IEEE Trans Pattern Anal Mach Intell. 2022 Feb;44(2):648-665. doi: 10.1109/TPAMI.2021.3107160. Epub 2022 Jan 7.
Human actions in video sequences are characterized by the complex interplay between spatial features and their temporal dynamics. In this paper, we propose novel tensor representations for compactly capturing such higher-order relationships between visual features for the task of action recognition. We propose two tensor-based feature representations, viz. (i) sequence compatibility kernel (SCK) and (ii) dynamics compatibility kernel (DCK). SCK builds on the spatio-temporal correlations between features, whereas DCK explicitly models the action dynamics of a sequence. We also explore generalization of SCK, coined SCK ⊕, that operates on subsequences to capture the local-global interplay of correlations, which can incorporate multi-modal inputs e.g., skeleton 3D body-joints and per-frame classifier scores obtained from deep learning models trained on videos. We introduce linearization of these kernels that lead to compact and fast descriptors. We provide experiments on (i) 3D skeleton action sequences, (ii) fine-grained video sequences, and (iii) standard non-fine-grained videos. As our final representations are tensors that capture higher-order relationships of features, they relate to co-occurrences for robust fine-grained recognition (Lin, 2017), (Koniusz, 2018). We use higher-order tensors and so-called Eigenvalue Power Normalization (EPN) which have been long speculated to perform spectral detection of higher-order occurrences (Koniusz, 2013), (Koniusz, 2017), thus detecting fine-grained relationships of features rather than merely count features in action sequences. We prove that a tensor of order r, built from Z dimensional features, coupled with EPN indeed detects if at least one higher-order occurrence is 'projected' into one of its [Formula: see text] subspaces of dim. r represented by the tensor, thus forming a Tensor Power Normalization metric endowed with [Formula: see text] such 'detectors'.

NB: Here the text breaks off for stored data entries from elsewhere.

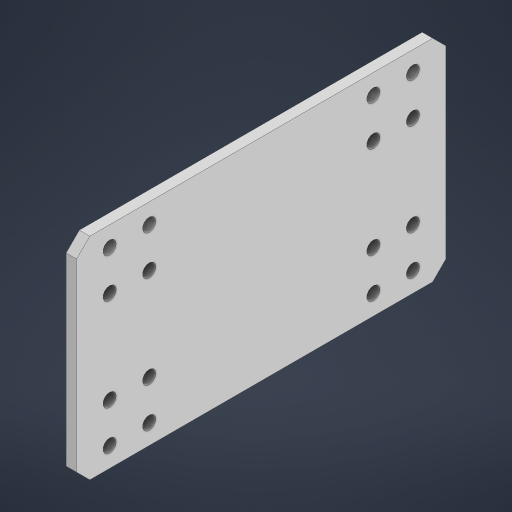
# Autodesk Inventor part: ArmSidePlate
Saved by Autodesk Inventor 2024 (Build 280153000, 153)
## iProperties
Created: 2023-10-25
Part Number: ArmSidePlate
Material: Generic
Document SubType Name: Modeling
Designer: avsar
Density: 1 g/cm^3
Appearance: Default
Author: avsar
Autodesk Inventor part; units mm, degrees
ref_plane "YZ Plane" through (0, 0, 0) normal (1, 0, 0) x (0, 1, 0)
ref_plane "XZ Plane" through (0, 0, 0) normal (0, 1, 0) x (-1, 0, 0)
ref_plane "XY Plane" through (0, 0, 0) normal (0, 0, 1) x (1, 0, 0)
sketch "Sketch1" plane through (0, 0, 0) normal (1, 0, 0) x (0, 1, 0)
  line L0 (-32, 56) -> (32, 56)
  line L1 (32, 56) -> (32, -56)
  line L2 (32, -56) -> (-32, -56)
  line L3 (-32, -56) -> (-32, 56)
  line L4 (-32, 56) -> (32, -56) construction
  line L5 (32, 56) -> (-32, -56) construction
  point P0 (0, 0)
  dimension "d0" = 64
  dimension "d1" = 112
  constraints: 12 end point, 2 midpoint, 2 parallel, 1 horizontal, 1 perpendicular
  measures "d0" distance of L1.end L2.end
  measures "d1" distance of L0.end L1.end
extrude "Extrusion1" add sketch "Sketch1" along normal blind 3.175
sketch "Sketch2" plane through (3.175, 0, 0) normal (1, 0, 0) x (0, 0, -1)
  circle A0 centre (-40, -20) radius 2.5 construction
  line L0 (-56, -32) -> (56, -32) construction
  line L1 (0, -32) -> (0, 32) construction
  line L2 (56, 32) -> (-56, 32) construction
  line L3 (-56, 32) -> (-56, -32) construction
  line L4 (-56, 0) -> (56, 0) construction
  line L5 (56, -32) -> (56, 32) construction
  circle A1 centre (-46, -14) radius 2
  circle A2 centre (-46, -26) radius 2
  circle A3 centre (-34, -26) radius 2
  circle A4 centre (-34, -14) radius 2
  circle A5 centre (-46, 14) radius 2
  circle A6 centre (-46, 26) radius 2
  circle A7 centre (-34, 26) radius 2
  circle A8 centre (-34, 14) radius 2
  circle A9 centre (46, -14) radius 2
  circle A10 centre (46, -26) radius 2
  circle A11 centre (34, -26) radius 2
  circle A12 centre (34, -14) radius 2
  circle A13 centre (46, 14) radius 2
  circle A14 centre (46, 26) radius 2
  circle A15 centre (34, 26) radius 2
  circle A16 centre (34, 14) radius 2
  point P0 (0, 0)
  dimension "d4" = 5
  dimension "d5" = 40
  dimension "d6" = 12
  dimension "d7" = 4
  dimension "d8" = 6
  dimension "d9" = 6
  dimension "d12" = 360
  constraints: 17 centre point, 12 symmetric about line, 4 end point, 4 midpoint, 21 other
  measures "d4" diameter of A0
  measures "d5" horizontal distance of point (0, 0) A0.centre
  measures "d6" distance from line of L0 A0.centre
  measures "d7" diameter of A1
  measures "d8" horizontal distance of A1.centre A0.centre
  measures "d9" horizontal distance of A0.centre A1.centre
extrude "Extrusion2" cut sketch "Sketch2" against normal through all
chamfer "Chamfer1" distance 4 angle 45 2 edges at (1.5875, 32, 56) (1.5875, 32, -56)
chamfer "Chamfer2" distance 4 angle 45 2 edges at (1.5875, -32, 56) (1.5875, -32, -56)
body "Solid1"

人体动作在视频序列中具有空间特征与其时间动态之间复杂的相互作用。在本文中,我们提出了新的张量表示法,用于紧凑地捕获视觉特征之间的这种更高阶关系,用于动作识别任务。我们提出了两种基于张量的特征表示,即(i)序列兼容性核(SCK)和(ii)动态兼容性核(DCK)。SCK 基于特征之间的时空相关性,而 DCK 则明确地对序列的动作动态建模。我们还探索了 SCK 的泛化,即 SCK⊕,它作用于子序列,以捕获相关性的局部-全局相互作用,它可以结合多模态输入,例如 3D 骨架人体关节和从视频训练的深度学习模型获得的每一帧分类器得分。我们介绍了这些核的线性化,这导致了紧凑而快速的描述符。我们在(i)3D 骨架动作序列、(ii)细粒度视频序列和(iii)标准非细粒度视频上进行了实验。由于我们的最终表示形式是张量,它可以捕获特征的高阶关系,因此与稳健的细粒度识别的共现相关(Lin,2017),(Koniusz,2018)。我们使用高阶张量和所谓的特征值幂归一化(EPN),长期以来一直推测它们执行高阶出现的谱检测(Koniusz,2013),(Koniusz,2017),从而检测特征的细粒度关系,而不仅仅是在动作序列中计数特征。我们证明,从 Z 维特征构建的阶 r 张量,与 EPN 结合使用,确实可以检测到至少一个高阶出现是否被“投影”到其[公式:见文本]个维度 r 的子空间之一,由张量表示,从而形成具有[公式:见文本]个这样的“检测器”的张量幂归一化度量。